The 91-hectare vineyard experimented with one block exposed to baroque music and the other
block without any music. This is to allow the vineyard owner to monitor and observe any differences
in the production. This exposure to classical music started in late 2008.
The musical repertoire consisted of 2,473 pieces of classical baroque music. With this vast
collection, they can play the music nonstop for 7.5 days without repeating.
Despite the outcome of the experiment by Dorothy Retallack where plants exposed for 8-hour period
died two weeks later, DeMorgenzon wine estate played the music around the clock with no negative
result. They played the baroque music not just in the vineyard, but also in the wine cellar as well as
in the tasting room.

Vineyard in Tuscany
Another vineyard Paradiso di Frassinain Tuscany, Italy, uses classical music to get better production
from its vineyards.
They observed that vine plants mature faster when exposed to the soothing sounds of Mozart,
Vivaldi, Haydn and Mahler as compared to the controlled site.
This project to wire the vineyard for musical sound started in 2001 as an ecological way to keep
pests away. However, when they saw better and improved plants and fruits, the project continued
ever since as a 'productivity tool'.

Just like DeMorgenzon wine estate, the music is played non-stop 24 hours a day with no negative
results.

Il Paradiso di Frassina with speakers for the music therapy!

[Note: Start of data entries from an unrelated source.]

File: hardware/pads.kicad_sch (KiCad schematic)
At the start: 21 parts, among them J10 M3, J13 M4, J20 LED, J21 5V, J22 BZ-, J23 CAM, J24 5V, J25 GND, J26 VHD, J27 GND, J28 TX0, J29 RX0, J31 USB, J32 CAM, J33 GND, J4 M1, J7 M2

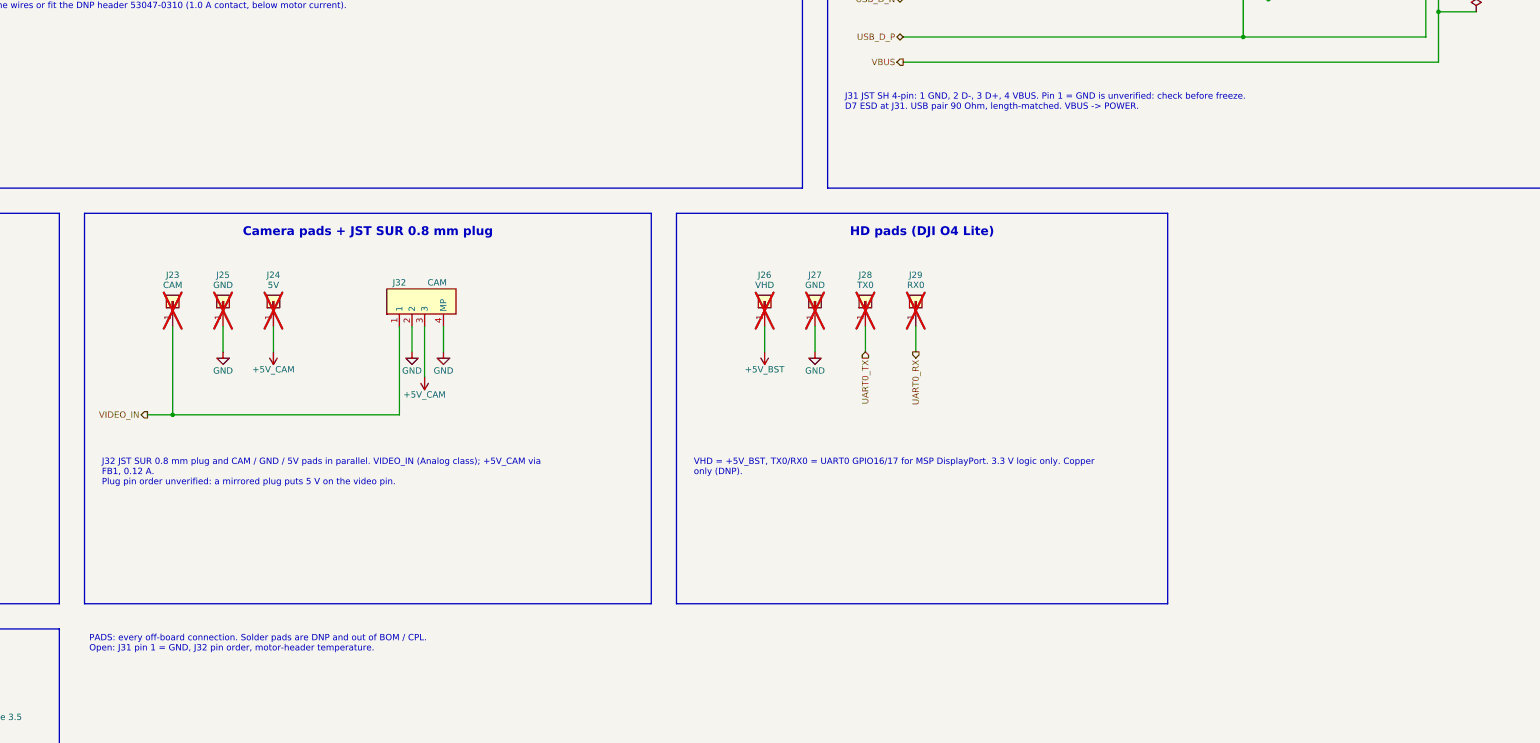
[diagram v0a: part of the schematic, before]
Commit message: Correct Whoop schematic and prepare component library for routing
Add local BMI270 bypassing, improve regulator capacitance margin, isolate
bidirectional DShot supply domains, and correct PA reference accuracy.
Remove Q28/R11 with matching firmware polarity and retain the proven
OpenFC-Lite OSD topology. Correct the receiver LED bypass rail.

Synchronize PCB connectivity, verify component pins and land patterns,
and provide firmware bindings plus placement/layer guidance. Replace stale
manual BOM and interface plans with schematic-derived exports.

Validation: ERC 0, seven netlist checks, 48 footprint checks, 22 rule
behavior cases, and PCB schematic parity 0. The parked PCB retains layout
DRC findings and 499 unconnected items; no manufacturing or flight release.
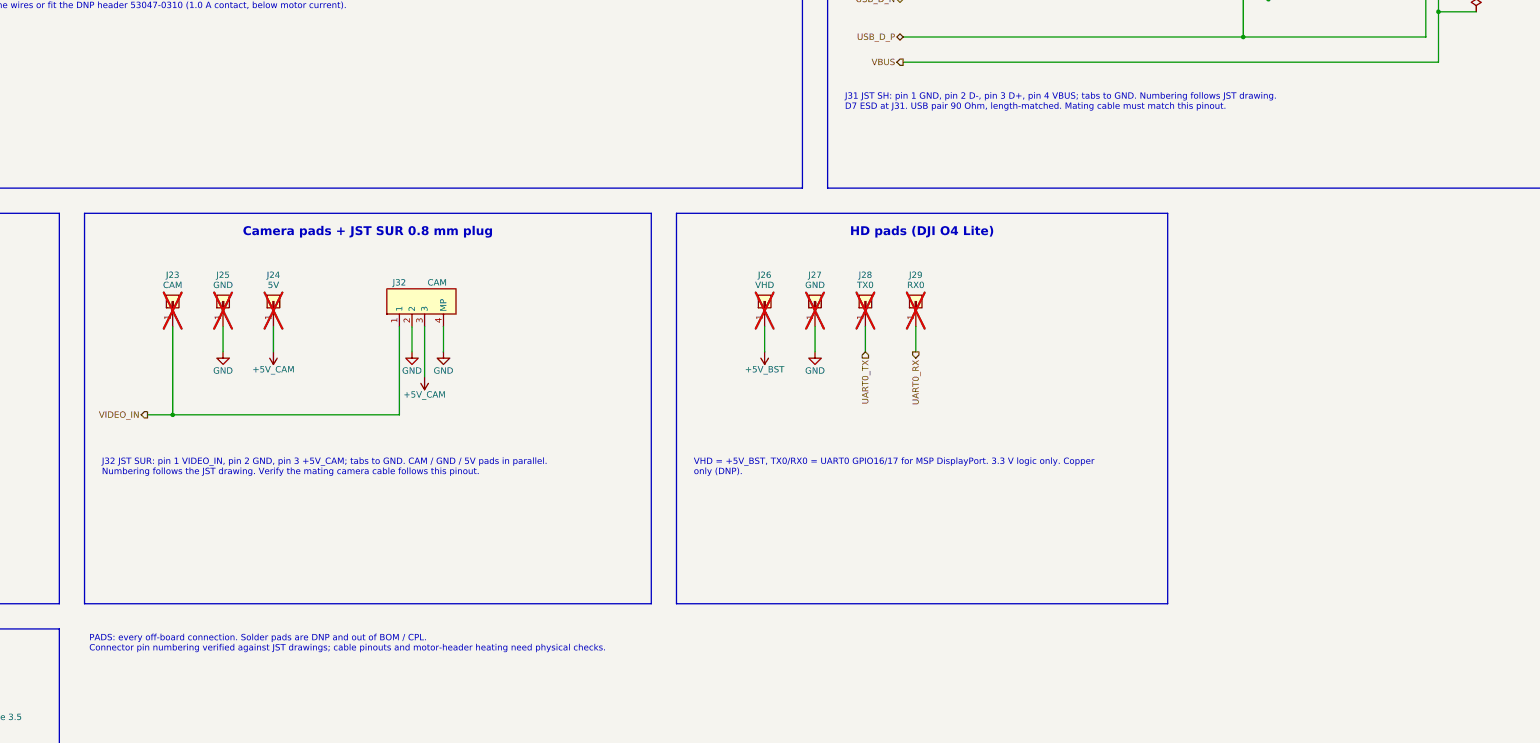
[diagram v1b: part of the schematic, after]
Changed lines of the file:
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@@
 		)
 	)
-	(text_box "J32 JST SUR 0.8 mm plug and CAM / GND / 5V pads in parallel. VIDEO_IN (Analog class); +5V_CAM via FB1, 0.12 A.\nPlug pin order unverified: a mirrored plug puts 5 V on the video pin."
+	(text_box "J32 JST SUR: pin 1 VIDEO_IN, pin 2 GND, pin 3 +5V_CAM; tabs to GND. CAM / GND / 5V pads in parallel.\nNumbering follows the JST drawing. Verify the mating camera cable follows this pinout."
 		(exclude_from_sim no)
 		(at 104.14 147.32 0)
@@
 		)
 	)
-	(text_box "J31 JST SH 4-pin: 1 GND, 2 D-, 3 D+, 4 VBUS. Pin 1 = GND is unverified: check before freeze.\nD7 ESD at J31. USB pair 90 Ohm, length-matched. VBUS -> POWER."
+	(text_box "J31 JST SH: pin 1 GND, pin 2 D-, pin 3 D+, pin 4 VBUS; tabs to GND. Numbering follows JST drawing.\nD7 ESD at J31. USB pair 90 Ohm, length-matched. Mating cable must match this pinout."
 		(exclude_from_sim no)
 		(at 254 73.66 0)
@@
 		)
 	)
-	(text_box "PADS: every off-board connection. Solder pads are DNP and out of BOM / CPL.\nOpen: J31 pin 1 = GND, J32 pin order, motor-header temperature."
+	(text_box "PADS: every off-board connection. Solder pads are DNP and out of BOM / CPL.\nConnector pin numbering verified against JST drawings; cable pinouts and motor-header heating need physical checks."
 		(exclude_from_sim no)
 		(at 101.6 182.88 0)

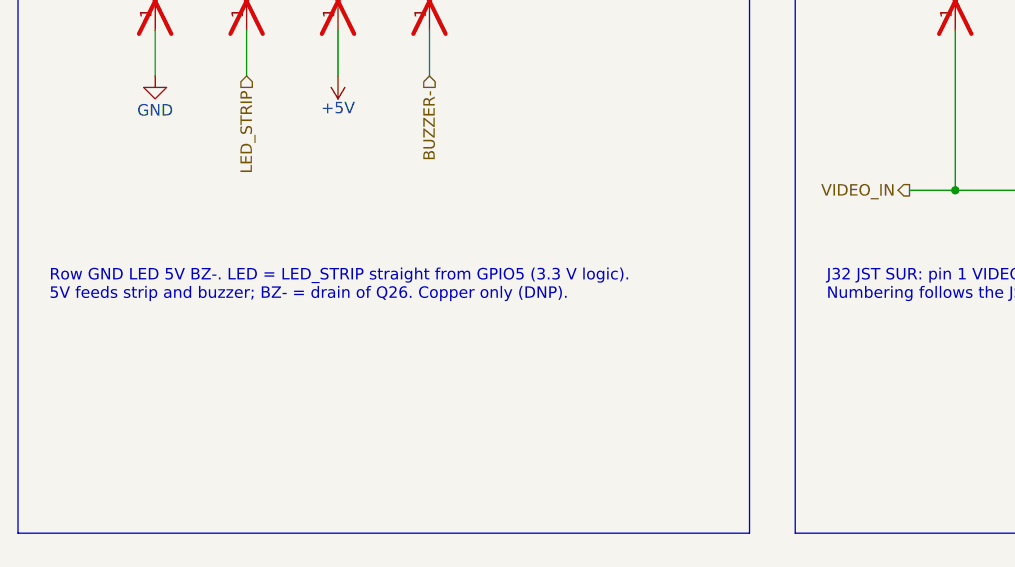
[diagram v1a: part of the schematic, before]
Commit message: Group RP2354A interfaces around the placed peripherals
Map motors 1-4 to GPIO7/6/5/4 for U24 north-side fanout, move gyro INT
to GPIO10, and put CRSF UART1 on GPIO24/25 beside the ESP32. Keep the
gyro SPI pad order, flash, OSD, ADC and dedicated system pins. Move the
status LEDs, strip and beeper to the released pins.

Synchronize the target, project library, PCB nets and schematic print; add
a schematic-to-firmware IO check with mux and PIO constraints. Remove eight
stale PCB footprints already absent from the owner schematic. Preserve all
retained placement and copper geometry.

Validation: 28 GPIOs match, 7 netlist checks and 22 rule behavior cases pass,
Betaflight builds, independent circuit/PCB review passes. ERC retains four
owner warnings; parity is zero. Board layout has 282 DRC findings and
499 unconnected items. This is not a hardware-tested release.
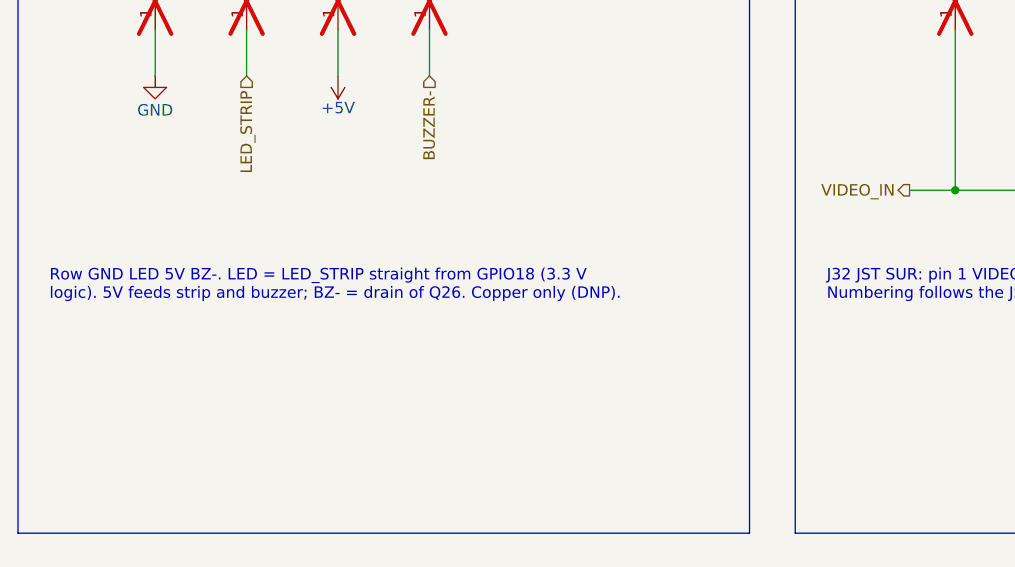
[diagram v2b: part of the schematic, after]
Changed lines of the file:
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@@
 		)
 	)
-	(text_box "Row GND LED 5V BZ-. LED = LED_STRIP straight from GPIO5 (3.3 V logic). 5V feeds strip and buzzer; BZ- = drain of Q26. Copper only (DNP)."
+	(text_box "Row GND LED 5V BZ-. LED = LED_STRIP straight from GPIO18 (3.3 V logic). 5V feeds strip and buzzer; BZ- = drain of Q26. Copper only (DNP)."
 		(exclude_from_sim no)
 		(at 17.78 147.32 0)

Source: mamaladama, CC BY-NC 2.0 via Flickr.com

Are You Still Skeptical? This Book Agrees with You!

The Informed Gardener

Are You Still Doubtful on the Effect of Music on Plant Growth?


Despite the numerous research and successful commercial usage of music to increase productivity
from plants, there are still skeptics who question the effectiveness of this method.

Research Work by Korean Scientist

It was reported in The Telegraph newspaper that scientists from National Institute of Agricultural
Biotechnology in Suwon, South Korea played classical music in rice fields, and concluded that plant
genes can "hear" and had improved yield. The research was published in August 2007 issue of New
Scientist. This finding, however, received negative comments from some quarters that cited external
factors such as wind that might have drowned out the effects for the experiment to be effective.
Others say too few samples were analyzed for it to be conclusive.

Linda Chalker-Scott's concern


Linda Chalker-Scott, in her book 'The Informed Gardener', questions the authenticity of some
common beliefs including the effect of music on plant growth.
She listed out several concerns on the work of Dorothy Retallack, as described in 'The Sound of
Music and Plants'. Some of these concerns were:

Citing the works of professors in physics and theology, but not in biology

Lack of relevant references

Poor reasoning and being bias in her expectations

Insufficient number of samplings

Poor experiment tools

Publisher that does not specialize in science published her book.

She did not publish her findings in peer-reviewed journal.